Even when the data itself is solid, mistaken connections are sometimes made during analysis. But with vigilance, managers can avoid a data mishap.

Reading Time: 3 min 

Topics

Competing With Data & Analytics

How does data inform business processes, offerings, and engagement with customers? This research looks at trends in the use of analytics, the evolution of analytics strategy, optimal team composition, and new opportunities for data-driven innovation.
More in this series

A 2008 news report led with reports of Russian tanks and troops surging into Georgia — accompanied by a map mistakenly depicting the invaded territory as Savannah, Georgia, rather than the homonymous Eastern European country. While the story was correct, Google News’ map selection was not.

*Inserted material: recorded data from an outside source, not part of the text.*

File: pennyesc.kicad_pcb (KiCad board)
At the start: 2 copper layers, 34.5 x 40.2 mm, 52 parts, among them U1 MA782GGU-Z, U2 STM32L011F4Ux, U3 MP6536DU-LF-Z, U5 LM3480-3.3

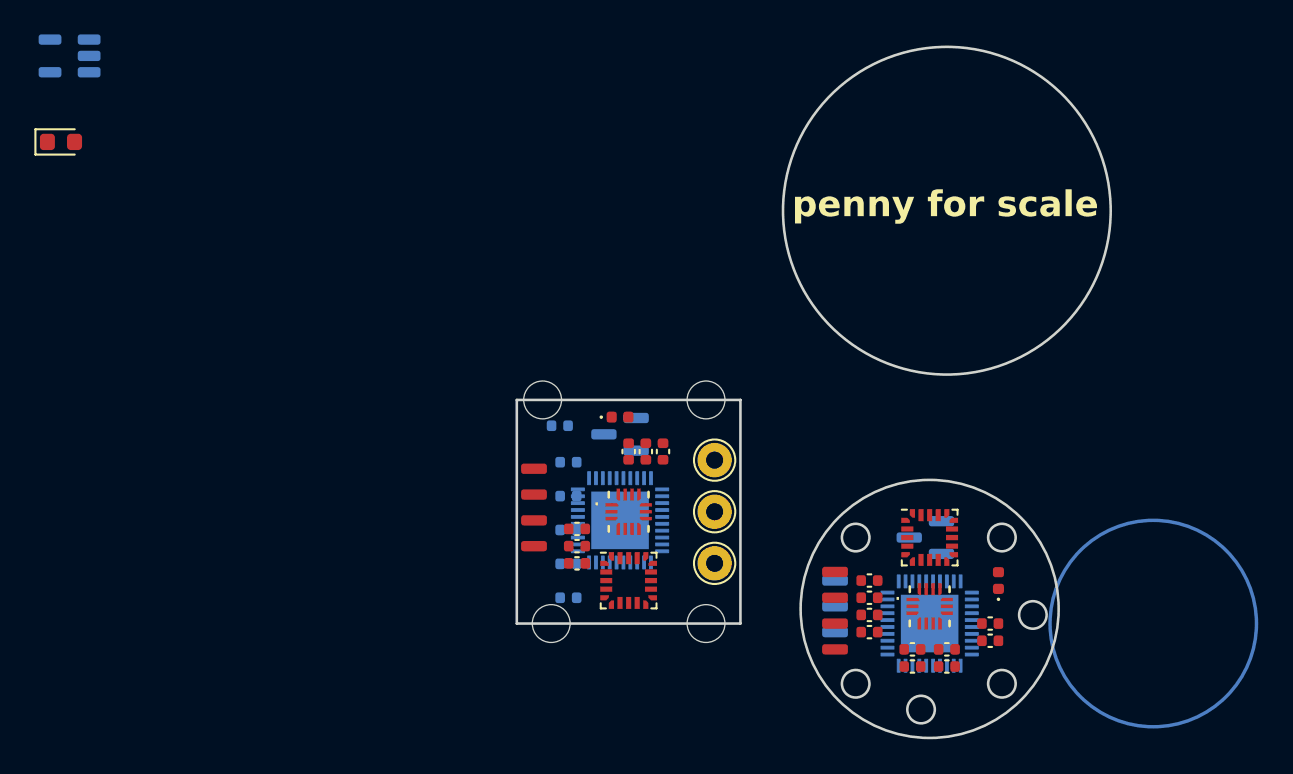
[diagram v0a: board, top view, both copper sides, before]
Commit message: pin assignment with stm32cube, pick LDO
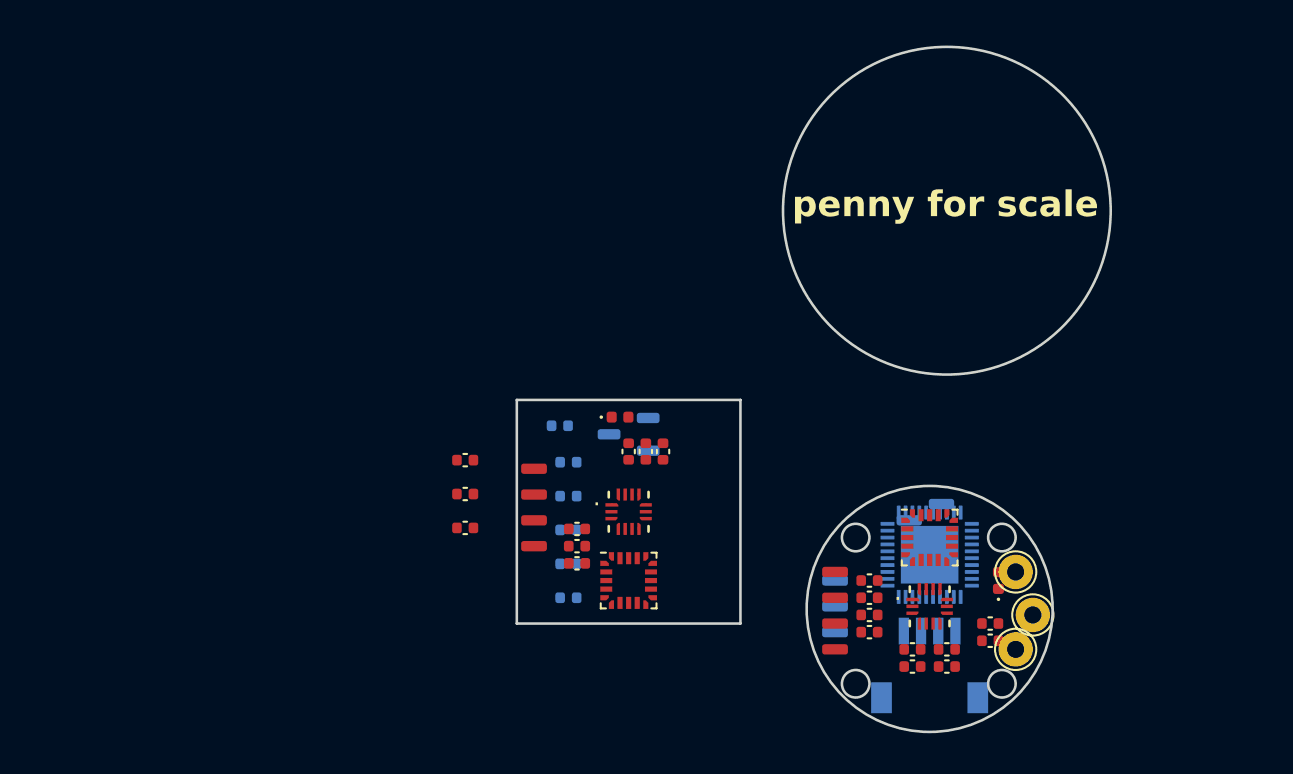
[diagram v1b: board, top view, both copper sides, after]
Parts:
- removed the REF** at (55.0, 47.0)
- removed the REF** at (45.5, 56.5)
- removed the REF** at (17.5, 23.5)
- removed the REF** at (55.0, 50.0)
- removed the REF** at (17.0, 28.5)
- removed the REF** at (55.0, 53.0)
- removed the REF** at (54.5, 56.5)
- removed the REF** at (54.5, 43.5)
- removed the REF** at (45.0, 43.5)
- removed the U3 at (67.5, 56.5)
- removed the U5 at (49.5, 45.5)
- added C10: 1uF, Capacitor_SMD:C_0402_1005Metric, F.Cu at (40.5, 50.9)
- added C7: 1uF, Capacitor_SMD:C_0402_1005Metric, F.Cu at (40.5, 47.0)
- added C9: 1uF, Capacitor_SMD:C_0402_1005Metric, F.Cu at (40.5, 49.0)
- added REF**: TestPoint_THTPad_D2.0mm_Drill1.0mm, TestPoint:TestPoint_THTPad_D2.0mm_Drill1.0mm, F.Cu at (73.5, 56.0)
- added REF**: JST_SM04B-SRSS-TB_LF__SN_, pennyesc:JST_SM04B-SRSS-TB(LF)(SN), B.Cu at (67.5, 56.9)
- added REF**: TestPoint_THTPad_D2.0mm_Drill1.0mm, TestPoint:TestPoint_THTPad_D2.0mm_Drill1.0mm, F.Cu at (72.5, 53.5)
- added REF**: TestPoint_THTPad_D2.0mm_Drill1.0mm, TestPoint:TestPoint_THTPad_D2.0mm_Drill1.0mm, F.Cu at (72.5, 58.0)
- added U6: XC6206P332MR-G, Package_TO_SOT_SMD:SOT-23-3, B.Cu at (50.0, 45.5)
- moved U3 18.1 mm to (67.5, 52.5)
- moved U5 1.00 mm to (67.2, 50.5)
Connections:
- net Net-(U5-VI) renamed VBUS
- U1 pad 1: unconnected-(U1-SCLK-Pad1) -> /SPI_SCLK
- U1 pad 11: unconnected-(U1-EN-Pad11) -> +3.3V
- U1 pad 5: unconnected-(U1-MISO-Pad5) -> /SPI_MISO
- U1 pad 6: unconnected-(U1-ASC-Pad6) -> GND
- U1 pad 8: unconnected-(U1-MOSI-Pad8) -> /SPI_MOSI
- U2 pad 10: unconnected-(U2-PA7-Pad10) -> /SPI_MOSI
- U2 pad 14: unconnected-(U2-PA9-Pad14) -> /UART_TX
- U2 pad 15: unconnected-(U2-PA10-Pad15) -> /UART_RX
- U2 pad 16: unconnected-(U2-PA13-Pad16) -> /SWDIO
- U2 pad 17: unconnected-(U2-PA14-Pad17) -> /SWCLK
- U2 pad 20: unconnected-(U2-PB9-Pad20) -> GND
- U2 pad 3: unconnected-(U2-NRST-Pad3) -> /NRST
- U2 pad 6: unconnected-(U2-PA1-Pad6) -> /UART_DE
- U2 pad 8: unconnected-(U2-PA5-Pad8) -> /SPI_SCLK
- U2 pad 9: unconnected-(U2-PA6-Pad9) -> /SPI_MISO
- U3 pad 12: unconnected-(U3-PWM1-Pad12) -> /PWM1
- U3 pad 13: unconnected-(U3-PWM2-Pad13) -> /PWM2
- U3 pad 15: unconnected-(U3-SHDNB-Pad15) -> +3.3V
- U3 pad 16: unconnected-(U3-PWM3-Pad16) -> /PWM3
- U3 pad 17: unconnected-(U3-STBYB-Pad17) -> /STBY
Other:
- board size 34.5 x 40.2 mm -> 34.5 x 39.8 mm

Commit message: switch to cheaper TI parts, passthrough shaft
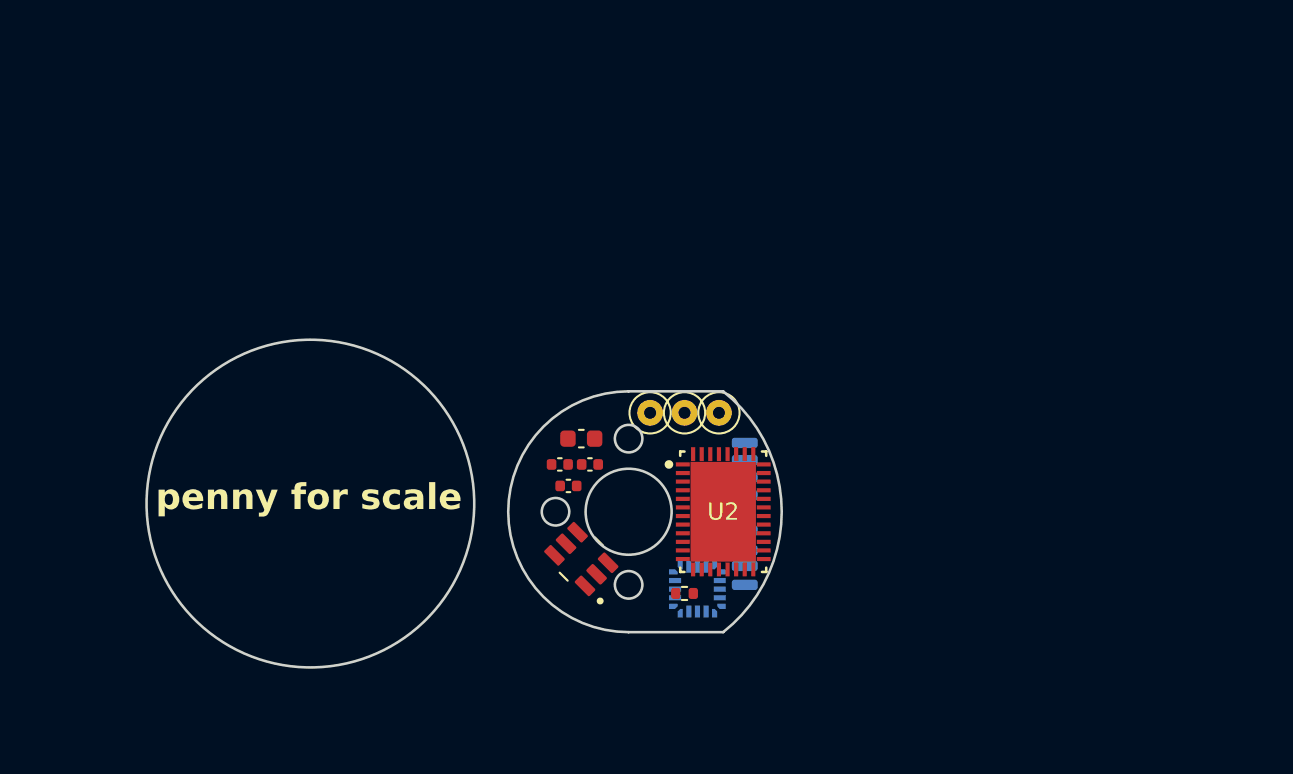
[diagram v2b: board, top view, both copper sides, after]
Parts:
- removed the C2 at (66.5, 58.0)
- removed the C2 at (71.0, 57.5)
- removed the C2 at (68.5, 58.0)
- removed the C2 at (64.0, 57.0)
- removed the C2 at (64.0, 56.0)
- removed the C2 at (68.5, 59.0)
- removed the C2 at (66.5, 59.0)
- removed the C2 at (47.0, 53.0)
- removed the C2 at (46.5, 47.1)
- removed the C2 at (50.0, 46.5)
- removed the C2 at (52.0, 46.5)
- removed the C2 at (64.0, 55.0)
- removed the C2 at (51.0, 46.5)
- removed the C2 at (64.0, 54.0)
- removed the C2 at (71.0, 56.5)
- removed the C2 at (47.0, 51.0)
- removed the C2 at (47.0, 52.0)
- removed C4: 0.1uF, Capacitor_SMD:C_0402_1005Metric
- removed the REF** at (49.5, 44.5)
- removed the REF** at (44.5, 47.5)
- removed the REF** at (62.0, 53.5)
- removed the REF** at (73.5, 56.0)
- removed the REF** at (44.5, 49.0)
- removed the REF** at (67.5, 56.9)
- removed the REF** at (62.0, 54.0)
- removed the REF** at (62.0, 57.0)
- removed the REF** at (62.0, 55.5)
- removed the REF** at (72.5, 58.0)
- removed the REF** at (62.0, 55.0)
- removed the REF** at (62.0, 56.5)
- removed the REF** at (62.0, 58.0)
- removed the REF** at (44.5, 52.0)
- removed the REF** at (44.5, 50.5)
- removed the REF** at (71.5, 54.0)
- removed the U1 at (50.0, 50.0)
- removed the U1 at (67.5, 55.5)
- removed the U2 at (67.5, 51.5)
- removed the U2 at (50.0, 54.0)
- removed U5: LM3480-3.3, Package_TO_SOT_SMD:SOT-23
- removed U6: XC6206P332MR-G, Package_TO_SOT_SMD:SOT-23-3
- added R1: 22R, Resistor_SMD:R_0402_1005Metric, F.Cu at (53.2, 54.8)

Born and bred in Georgia as I am, any initial fears for my kinfolk were quickly dispelled when a cursory investigation revealed that the map of the country of Georgia would have been a better image, not the map of the U.S. state of the same name. This was a simple case of misidentifying the value “Georgia” when associating the news data with the map data.

But other cases of data misidentification are not so simple and carry greater consequences. To the chagrin of many people sharing names with others with more nefarious tendencies, a false match to the no-fly list can be quite an inconvenience. Images, for example, can be linked to people. Advances in image enhancement and processing are yielding growing prowess in facial recognition — and growing concerns about misidentification.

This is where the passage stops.